# Krispy Kreme Nutritional Info



## Keaver (Apr 14, 2010)

As one who will risk eating one of these every few months, here's a link to the nutritional info.

http://www.krispykreme.co.uk/wp-content/themes/thesis/docs/nutritional_info.pdf

Naughty but so nice


----------



## rachelha (Apr 14, 2010)

Thanks for that.  I have to admit if I am stuck in Stanstead airport I find them v v v hard to resist.

I think my guesses were probably about right.  20g for a plain one, 30g for an iced one, and 40g for a really sickly yummy one.


----------



## rossi_mac (Apr 14, 2010)

I've walked pass that place twice today, I daren't look at the nutro info for fear of splashing cash in there safe in the knowledge of what to jack up!

But thanks anyway I'm sure I'll look one day.

Rossi


----------



## rachelha (Apr 14, 2010)

I think it is probably a very good job there is not one in Ed.  Doughnuts are one of my weak points.


----------



## MartinX123 (Apr 21, 2010)

I ate 3 in one day once 
That was the week i decided maybe I should take D seriously and stop messing about cos I felt so ill. I had 2 ring ones & then a caramel dreamcake. Which OMG is amazing. Im not looking at how bad they are cos it will make me cry. Suffice it to say that these days I have 1 a month if im feeling naughty


----------



## Vicsetter (May 2, 2010)

Sometimes I wish I was type 1 on Novarapid and then I could have a donut.


----------



## squidge63 (May 2, 2010)

Vicsetter said:


> Sometimes I wish I was type 1 on Novarapid and then I could have a donut.



You don't have to be a type 1 to be on Novorapid Vic.. I am type 2 and have been on it for 5 years now plus Levemir and Metformin SR.


----------



## Vicsetter (May 3, 2010)

I Know, but you tel my GP.  She thinks I'm doing well so wont change it.
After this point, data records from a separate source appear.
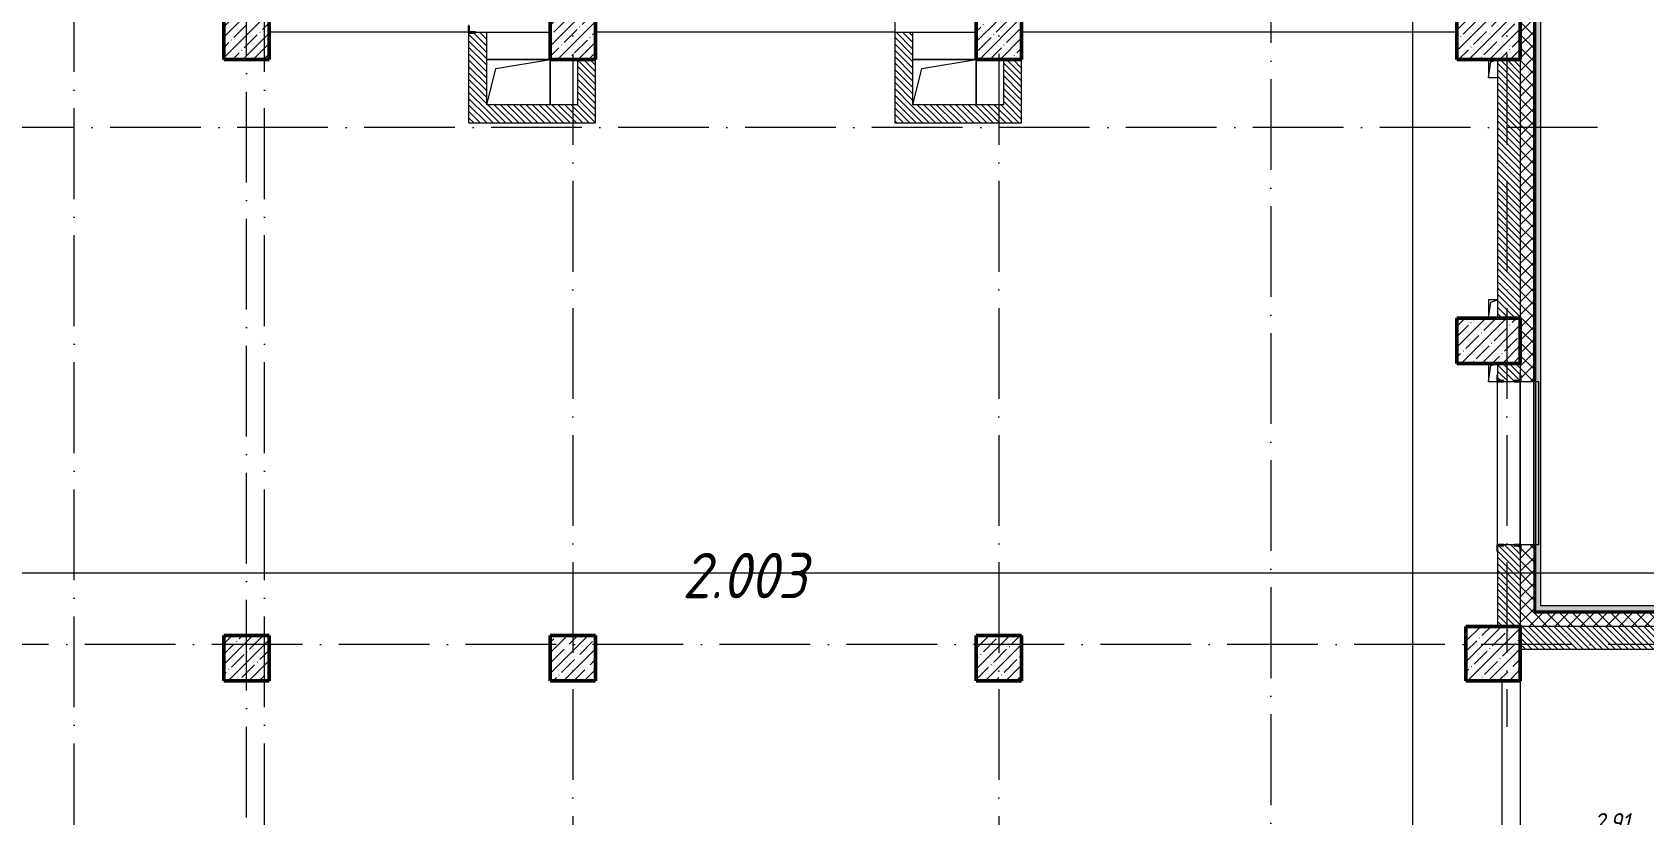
# Model space of a CAD drawing. Header units: millimetres. Extents: x -537608 to 253996, y -217170 to 186033.
# Drawn here: x -177360 to -159586, y 20330 to 28955 of the extents above; entities that cross this region are included whole.
import ezdxf

# ---------------------------------------------------------------- set-up
doc = ezdxf.new("R2010")
doc.units = ezdxf.units.MM
doc.linetypes.add('50_200_ШТРИХ_1Т_ш5_п1_п1_', pattern=[1400, 1000, -200, 0, -200])
for name, color, linetype, lineweight in [('A-FLOR-____-OTLN', 7, 'Continuous', 9), ('A-GENM-____-MCUT', 7, 'Continuous', 25), ('A-GENM-____-OTLN', 7, 'Continuous', 9), ('A-GENM-____-OTLN-1', 7, 'Continuous', 25), ('A-GLAZ-____-IDEN', 7, 'Continuous', 9), ('A-GLAZ-____-OTLN', 7, 'Continuous', 9), ('A-WALL-____-MCUT', 7, 'Continuous', 13), ('A-WALL-____-MCUT-1', 7, 'Continuous', 9), ('A-WALL-____-OTLN', 7, 'Continuous', 9), ('A-WALL-____-PATT-1', 7, 'Continuous', 9), ('A-WALL-FNSH-MCUT-1', 7, 'Continuous', 9), ('I-WALL-____-OTLN', 7, 'Continuous', 9), ('S-COLS-____-MCUT', 7, 'Continuous', 50), ('S-COLS-____-OTLN', 7, 'Continuous', 9), ('S-GRID-____-OTLN-1', 7, '50_200_ШТРИХ_1Т_ш5_п1_п1_', 9), ('Марки помещений', 7, 'Continuous', 9)]:
    doc.layers.add(name, color=color, linetype=linetype, lineweight=lineweight)
doc.layers.add('A-GLAZ-____-OTLN-1', color=7, linetype='Continuous', lineweight=9, true_color=0xc0c0c0)
doc.layers.add('G-____-____-SYMB-1', color=9, linetype='Continuous', lineweight=9, true_color=0x808080)
doc.styles.add('ISOCPEUR_I_11', font='isocpeui.ttf', dxfattribs={"width": 0.9, "height": 200})
doc.styles.add('ISOCPEUR_I_2', font='isocpeui.ttf', dxfattribs={"width": 0.9, "height": 140})
pattern_1 = [(45, (-184647.67, -45376.49), (-70.71068, 70.71068), []), (135, (-184647.67, -45376.49), (-70.71068, -70.71068), [])]
pattern_2 = [(135, (-184647.673, -45376.493), (-35.35534, -35.35534), [])]

# ---------------------------------------------------------------- blocks, each defined once
blk = doc.blocks.new('BSC_Колонна _Прямоугольная - 500х800-V9-АР1_План отверстий 2 этажа в осях 1-64_Ю-ЯЯ')
at = {"layer": 'S-COLS-____-OTLN'}
h = blk.add_hatch(dxfattribs=at)
h.set_pattern_fill('FP_15', color=256, style=0, pattern_type=2)
h.set_pattern_definition([(45, (-9650, -74431.04), (-114.04925, 114.04925), []), (45, (-9535.95, -74431.04), (-114.04925, 114.04925), [201.613, -40.323, 3.353, -36.97])])
h.paths.add_polyline_path([(-250, -400), (250, -400), (250, 400), (-250, 400)], flags=0)
at = {"layer": 'S-COLS-____-MCUT'}
for p, q in [((250, 400), (-250, 400)), ((-250, 400), (-250, -400)), ((250, -400), (250, 400)), ((-250, -400), (250, -400))]:
    blk.add_line(p, q, dxfattribs=at)
blk = doc.blocks.new('BSC_Колонна _Прямоугольная - 500х500-25976076-АР1_План отверстий 2 этажа в осях 1-64_Ю-ЯЯ')
at = {"layer": 'S-COLS-____-OTLN'}
h = blk.add_hatch(dxfattribs=at)
h.set_pattern_fill('FP_16', color=256, style=0, pattern_type=2)
h.set_pattern_definition([(45, (-9650, -67431.04), (-114.04925, 114.04925), []), (45, (-9535.95, -67431.04), (-114.04925, 114.04925), [201.613, -40.323, 3.353, -36.97])])
h.paths.add_polyline_path([(-250, -250), (250, -250), (250, 250), (-250, 250)], flags=0)
at = {"layer": 'S-COLS-____-MCUT'}
for p, q in [((250, 250), (-250, 250)), ((-250, 250), (-250, -250)), ((250, -250), (250, 250)), ((-250, -250), (250, -250))]:
    blk.add_line(p, q, dxfattribs=at)
blk = doc.blocks.new('BSC_Колонна _Прямоугольная - 500х500-V10-АР1_План отверстий 2 этажа в осях 1-64_Ю-ЯЯ')
at = {"layer": 'S-COLS-____-OTLN'}
h = blk.add_hatch(dxfattribs=at)
h.set_pattern_fill('FP_18', color=256, style=0, pattern_type=2)
h.set_pattern_definition([(45, (-13250, -67431.04), (-114.04925, 114.04925), []), (45, (-13135.95, -67431.04), (-114.04925, 114.04925), [201.613, -40.323, 3.353, -36.97])])
h.paths.add_polyline_path([(-250, -250), (250, -250), (250, 250), (-250, 250)], flags=0)
at = {"layer": 'S-COLS-____-MCUT'}
for p, q in [((250, 250), (-250, 250)), ((-250, 250), (-250, -250)), ((250, -250), (250, 250)), ((-250, -250), (250, -250))]:
    blk.add_line(p, q, dxfattribs=at)
blk = doc.blocks.new('BSC_Колонна _Прямоугольная - 500х800-V65-АР1_План отверстий 2 этажа в осях 1-64_Ю-ЯЯ')
at = {"layer": 'S-COLS-____-OTLN'}
h = blk.add_hatch(dxfattribs=at)
h.set_pattern_fill('FP_76', color=256, style=0, pattern_type=2)
h.set_pattern_definition([(45, (-13250, -74431.04), (-114.04925, 114.04925), []), (45, (-13135.95, -74431.04), (-114.04925, 114.04925), [201.613, -40.323, 3.353, -36.97])])
h.paths.add_polyline_path([(-250, -400), (250, -400), (250, 400), (-250, 400)], flags=0)
at = {"layer": 'S-COLS-____-MCUT'}
for p, q in [((250, 400), (-250, 400)), ((-250, 400), (-250, -400)), ((250, -400), (250, 400)), ((-250, -400), (250, -400))]:
    blk.add_line(p, q, dxfattribs=at)
blk = doc.blocks.new('BSC_Колонна _Прямоугольная - 500х800-V66-АР1_План отверстий 2 этажа в осях 1-64_Ю-ЯЯ')
at = {"layer": 'S-COLS-____-OTLN'}
h = blk.add_hatch(dxfattribs=at)
h.set_pattern_fill('FP_77', color=256, style=0, pattern_type=2)
h.set_pattern_definition([(45, (-17950, -74431.04), (-114.04925, 114.04925), []), (45, (-17835.95, -74431.04), (-114.04925, 114.04925), [201.613, -40.323, 3.353, -36.97])])
h.paths.add_polyline_path([(-250, -400), (250, -400), (250, 400), (-250, 400)], flags=0)
at = {"layer": 'S-COLS-____-MCUT'}
for p, q in [((250, 400), (-250, 400)), ((-250, 400), (-250, -400)), ((250, -400), (250, 400)), ((-250, -400), (250, -400))]:
    blk.add_line(p, q, dxfattribs=at)
blk = doc.blocks.new('BSC_Колонна _Прямоугольная - 500х700-25976089-АР1_План отверстий 2 этажа в осях 1-64_Ю-ЯЯ')
at = {"layer": 'S-COLS-____-OTLN'}
h = blk.add_hatch(dxfattribs=at)
h.set_pattern_fill('FP_78', color=256, style=0, pattern_type=2)
h.set_pattern_definition([(315, (-74281.04, 23350), (114.04925, 114.04925), []), (315, (-74281.04, 23235.95), (114.04925, 114.04925), [201.613, -40.323, 3.353, -36.97])])
h.paths.add_polyline_path([(-250, -350), (250, -350), (250, 350), (-250, 350)], flags=0)
at = {"layer": 'S-COLS-____-MCUT'}
for p, q in [((250, 350), (-250, 350)), ((-250, 350), (-250, -350)), ((250, -350), (250, 350)), ((-250, -350), (250, -350))]:
    blk.add_line(p, q, dxfattribs=at)
blk = doc.blocks.new('BSC_Колонна _Прямоугольная - 500х700-V67-АР1_План отверстий 2 этажа в осях 1-64_Ю-ЯЯ')
at = {"layer": 'S-COLS-____-OTLN'}
h = blk.add_hatch(dxfattribs=at)
h.set_pattern_fill('FP_79', color=256, style=0, pattern_type=2)
h.set_pattern_definition([(315, (-70931.04, 23350), (114.04925, 114.04925), []), (315, (-70931.04, 23235.95), (114.04925, 114.04925), [201.613, -40.323, 3.353, -36.97])])
h.paths.add_polyline_path([(-250, -350), (250, -350), (250, 350), (-250, 350)], flags=0)
at = {"layer": 'S-COLS-____-MCUT'}
for p, q in [((250, 350), (-250, 350)), ((-250, 350), (-250, -350)), ((250, -350), (250, 350)), ((-250, -350), (250, -350))]:
    blk.add_line(p, q, dxfattribs=at)
blk = doc.blocks.new('BSC_Колонна _Прямоугольная - 500х500-V70-АР1_План отверстий 2 этажа в осях 1-64_Ю-ЯЯ')
at = {"layer": 'S-COLS-____-OTLN'}
h = blk.add_hatch(dxfattribs=at)
h.set_pattern_fill('FP_82', color=256, style=0, pattern_type=2)
h.set_pattern_definition([(45, (-17950, -67431.04), (-114.04925, 114.04925), []), (45, (-17835.95, -67431.04), (-114.04925, 114.04925), [201.613, -40.323, 3.353, -36.97])])
h.paths.add_polyline_path([(-250, -250), (250, -250), (250, 250), (-250, 250)], flags=0)
at = {"layer": 'S-COLS-____-MCUT'}
for p, q in [((250, 250), (-250, 250)), ((-250, 250), (-250, -250)), ((250, -250), (250, 250)), ((-250, -250), (250, -250))]:
    blk.add_line(p, q, dxfattribs=at)
blk = doc.blocks.new('BSC_Колонна _Прямоугольная - 600х600-V90-АР1_План отверстий 2 этажа в осях 1-64_Ю-ЯЯ')
at = {"layer": 'S-COLS-____-OTLN'}
h = blk.add_hatch(dxfattribs=at)
h.set_pattern_fill('FP_103', color=256, style=0, pattern_type=2)
h.set_pattern_definition([(45, (-23400, -67481.04), (-114.04925, 114.04925), []), (45, (-23285.95, -67481.04), (-114.04925, 114.04925), [201.613, -40.323, 3.353, -36.97])])
h.paths.add_polyline_path([(-300, -300), (300, -300), (300, 300), (-300, 300)], flags=0)
at = {"layer": 'S-COLS-____-MCUT'}
for p, q in [((300, 300), (-300, 300)), ((-300, 300), (-300, -300)), ((300, -300), (300, 300)), ((-300, -300), (300, -300))]:
    blk.add_line(p, q, dxfattribs=at)
blk = doc.blocks.new('Отлив_СКБ - Отлив витража_СФТК-31884011-АР1_План отверстий 2 этажа в осях 1-64_Ю-ЯЯ')
at = {"layer": 'A-GLAZ-____-OTLN-1'}
for points in [[(1800, 2), (1800, 37), (0, 37), (0, 2), (1715, 2)], [(1715, 0), (1800, 0), (1800, 2), (0, 2), (0, 0)]]:
    blk.add_hatch(color=256, dxfattribs=at).paths.add_polyline_path(points, flags=0)
at = {"layer": 'A-GLAZ-____-OTLN'}
for p, q in [((0, 3), (0, 37)), ((1800, 37), (0, 37)), ((0, 2), (1800, 2)), ((1800, 37), (1800, 3)), ((1800, 0), (0, 0))]:
    blk.add_line(p, q, dxfattribs=at)
blk = doc.blocks.new('Фахверк_СКБ_Уголок - 250_1500-27504248-АР1_План отверстий 2 этажа в осях 1-64_Ю-ЯЯ')
at = {"layer": 'A-GENM-____-MCUT'}
for p, q in [((200, 181), (125, 181)), ((125, 181), (125, 106)), ((200, 175), (200, 181)), ((125, 106), (131, 106)), ((131, 106), (131, 175)), ((131, 175), (200, 175)), ((131, -6), (125, -6)), ((125, -6), (125, -81)), ((125, -81), (200, -81)), ((131, -75), (131, -6)), ((200, -75), (131, -75)), ((200, -81), (200, -75))]:
    blk.add_line(p, q, dxfattribs=at)
blk = doc.blocks.new('AR_Отверстие прямоугольное _в плите_ - AR_Отверстие прямоугольное _в плите_-V174-АР1_План отверстий 2 этажа в осях 1-64_Ю-ЯЯ')
at = {"layer": 'A-GENM-____-OTLN'}
for p, q in [((-50, 100), (-50, -100)), ((-50, -100), (-25, 75)), ((-25, 75), (50, 100)), ((-50, -100), (44, -100))]:
    blk.add_line(p, q, dxfattribs=at)
blk = doc.blocks.new('AR_Отверстие прямоугольное _в плите_ - AR_Отверстие прямоугольное _в плите_-V169-АР1_План отверстий 2 этажа в осях 1-64_Ю-ЯЯ')
at = {"layer": 'A-GENM-____-OTLN'}
for p, q in [((50, 100), (-50, 100)), ((-50, 100), (-50, -100)), ((-50, -100), (-25, 75)), ((-25, 75), (50, 100))]:
    blk.add_line(p, q, dxfattribs=at)
blk = doc.blocks.new('AR_Отверстие прямоугольное _в плите_ - AR_Отверстие прямоугольное _в плите_-V168-АР1_План отверстий 2 этажа в осях 1-64_Ю-ЯЯ')
at = {"layer": 'A-GENM-____-OTLN'}
for p, q in [((-50, 100), (-50, -100)), ((-50, -100), (-25, 75)), ((-25, 75), (50, 100)), ((-50, -100), (50, -100))]:
    blk.add_line(p, q, dxfattribs=at)
blk = doc.blocks.new('AR_Отверстие прямоугольное _в плите_ - AR_Отверстие прямоугольное _в плите_-30553029-АР1_План отверстий 2 этажа в осях 1-64_Ю-ЯЯ')
at = {"layer": 'A-GENM-____-OTLN'}
for p, q in [((350, 250), (-350, 250)), ((-250, 150), (350, 250)), ((350, -250), (350, 250)), ((-350, -250), (-250, 150))]:
    blk.add_line(p, q, dxfattribs=at)
blk = doc.blocks.new('Отлив_СКБ1 - Отлив_Фасады на кровле-32719942-АР1_План отверстий 2 этажа в осях 1-64_Ю-ЯЯ')
at = {"layer": 'A-GLAZ-____-OTLN-1'}
blk.add_hatch(color=256, dxfattribs=at).paths.add_polyline_path([(18850, 170), (18850, 204), (20650, 204), (20650, 170), (21320, 170), (21320, 228), (228, 228), (170, 170), (2850, 170), (2850, 204), (4650, 204), (4650, 170), (6050, 170), (6050, 204), (7850, 204), (7850, 170), (9250, 170), (9250, 204), (11050, 204), (11050, 170), (12450, 170), (12450, 204), (14250, 204), (14250, 170), (15650, 170), (15650, 204), (17450, 204), (17450, 170), (18705, 170)], flags=0)
at = {"layer": 'A-GLAZ-____-OTLN'}
blk.add_line((21320, 228), (228, 228), dxfattribs=at)
blk = doc.blocks.new('Отлив_СКБ1 - Отлив_Фасады на кровле-32719945-АР1_План отверстий 2 этажа в осях 1-64_Ю-ЯЯ')
at = {"layer": 'A-GLAZ-____-OTLN-1'}
h = blk.add_hatch(color=256, dxfattribs=at)
h.paths.add_polyline_path([(17312, 170), (17254, 228), (9745, 228), (9745, 170), (14782, 170), (14782, 204), (16582, 204), (16582, 170), (17141, 170)], flags=0)
h.paths.add_polyline_path([(9682, 228), (9008, 228), (9008, 170), (9682, 170)], flags=0)
h.paths.add_polyline_path([(8945, 170), (8945, 228), (40, 228), (40, 170), (8666, 170)], flags=0)
h.paths.add_polyline_path([(18, 170), (18, 228), (2, 228), (2, 170)], flags=0)
at = {"layer": 'A-GLAZ-____-OTLN'}
for p, q in [((18, 228), (2, 228)), ((8945, 228), (40, 228)), ((9682, 228), (9008, 228)), ((17254, 228), (9745, 228))]:
    blk.add_line(p, q, dxfattribs=at)
blk = doc.blocks.new('Фахверк_СКБ_Уголок - 200_3550-28267367-АР1_План отверстий 2 этажа в осях 1-64_Ю-ЯЯ')
at = {"layer": 'A-GENM-____-MCUT'}
for p, q in [((200, 156), (125, 156)), ((125, 156), (125, 81)), ((125, 81), (131, 81)), ((131, 19), (125, 19)), ((125, 19), (125, -56)), ((131, 81), (131, 150)), ((131, 150), (200, 150)), ((131, -50), (131, 19)), ((200, 150), (200, 156)), ((125, -56), (200, -56)), ((200, -50), (131, -50)), ((200, -56), (200, -50))]:
    blk.add_line(p, q, dxfattribs=at)

msp = doc.modelspace()

# ---------------------------------------------------------------- hatches: boundary and pattern name
at = {"layer": 'A-WALL-____-PATT-1'}
h = msp.add_hatch(dxfattribs=at)
h.set_pattern_fill('FP_1', color=256, style=0, pattern_type=2)
h.set_pattern_definition(pattern_1)
h.paths.add_polyline_path([(-160947.6725, 22554.5485), (-160797.6725, 22554.5485), (-160797.6725, 23304.5485), (-160941.6725, 23304.5485), (-160941.6725, 23229.5485), (-160947.6725, 23229.5485), (-160947.6725, 23148.9848)], flags=0)
h.paths.add_polyline_path([(-160797.6725, 25104.5485), (-160797.6725, 30141.5485), (-160884.6725, 30141.5485), (-160884.6725, 30135.5485), (-160947.6725, 30135.5485), (-160947.6725, 25179.5485), (-160941.6725, 25179.5485), (-160941.6725, 25104.5485), (-160801.5946, 25104.5485)], flags=0)
h.paths.add_polyline_path([(-160941.6725, 30141.5485), (-160932.6725, 30141.5485), (-160932.6725, 30163.5485), (-160941.6725, 30162.8917)], flags=0)
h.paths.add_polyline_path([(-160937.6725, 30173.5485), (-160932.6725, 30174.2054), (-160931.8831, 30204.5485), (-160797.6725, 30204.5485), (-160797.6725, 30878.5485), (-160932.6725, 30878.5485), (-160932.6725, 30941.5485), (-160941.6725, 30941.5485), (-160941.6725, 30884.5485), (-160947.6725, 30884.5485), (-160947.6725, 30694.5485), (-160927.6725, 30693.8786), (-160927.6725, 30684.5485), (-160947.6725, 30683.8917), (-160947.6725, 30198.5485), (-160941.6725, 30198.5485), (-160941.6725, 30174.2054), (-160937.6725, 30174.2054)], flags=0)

On the other hand I would only eat more and gain weight.


----------



## Laura22 (May 11, 2010)

I love Krispy Kreme doughnuts but the carb values!! *faints*


----------



## Lisa O (May 11, 2010)

lol ur all making me hungry now! x


----------



## Andy HB (Jun 10, 2010)

I have only one word to say (apart from the sixteen that I have typed here) ...

Yuck! 

Andy


----------



## Caroline (Jun 10, 2010)

Two of the reasons I change my route home are Krispy Kreme and Millies Cookies...


----------



## Andy HB (Jun 10, 2010)

Caroline said:


> Two of the reasons I change my route home are Krispy Kreme and Millies Cookies...



Ah, now you're talking, Millies Cookies! Mmmmm!!

Andy


----------



## Caroline (Jun 10, 2010)

Everyone in the office decided they liked Millies Cookies, but if no one can be bothered to walk up the road to Euston Station or down the Road to Kings Cross, I'm not going through Charring Cross or London bridge when I should only eat one or two!


----------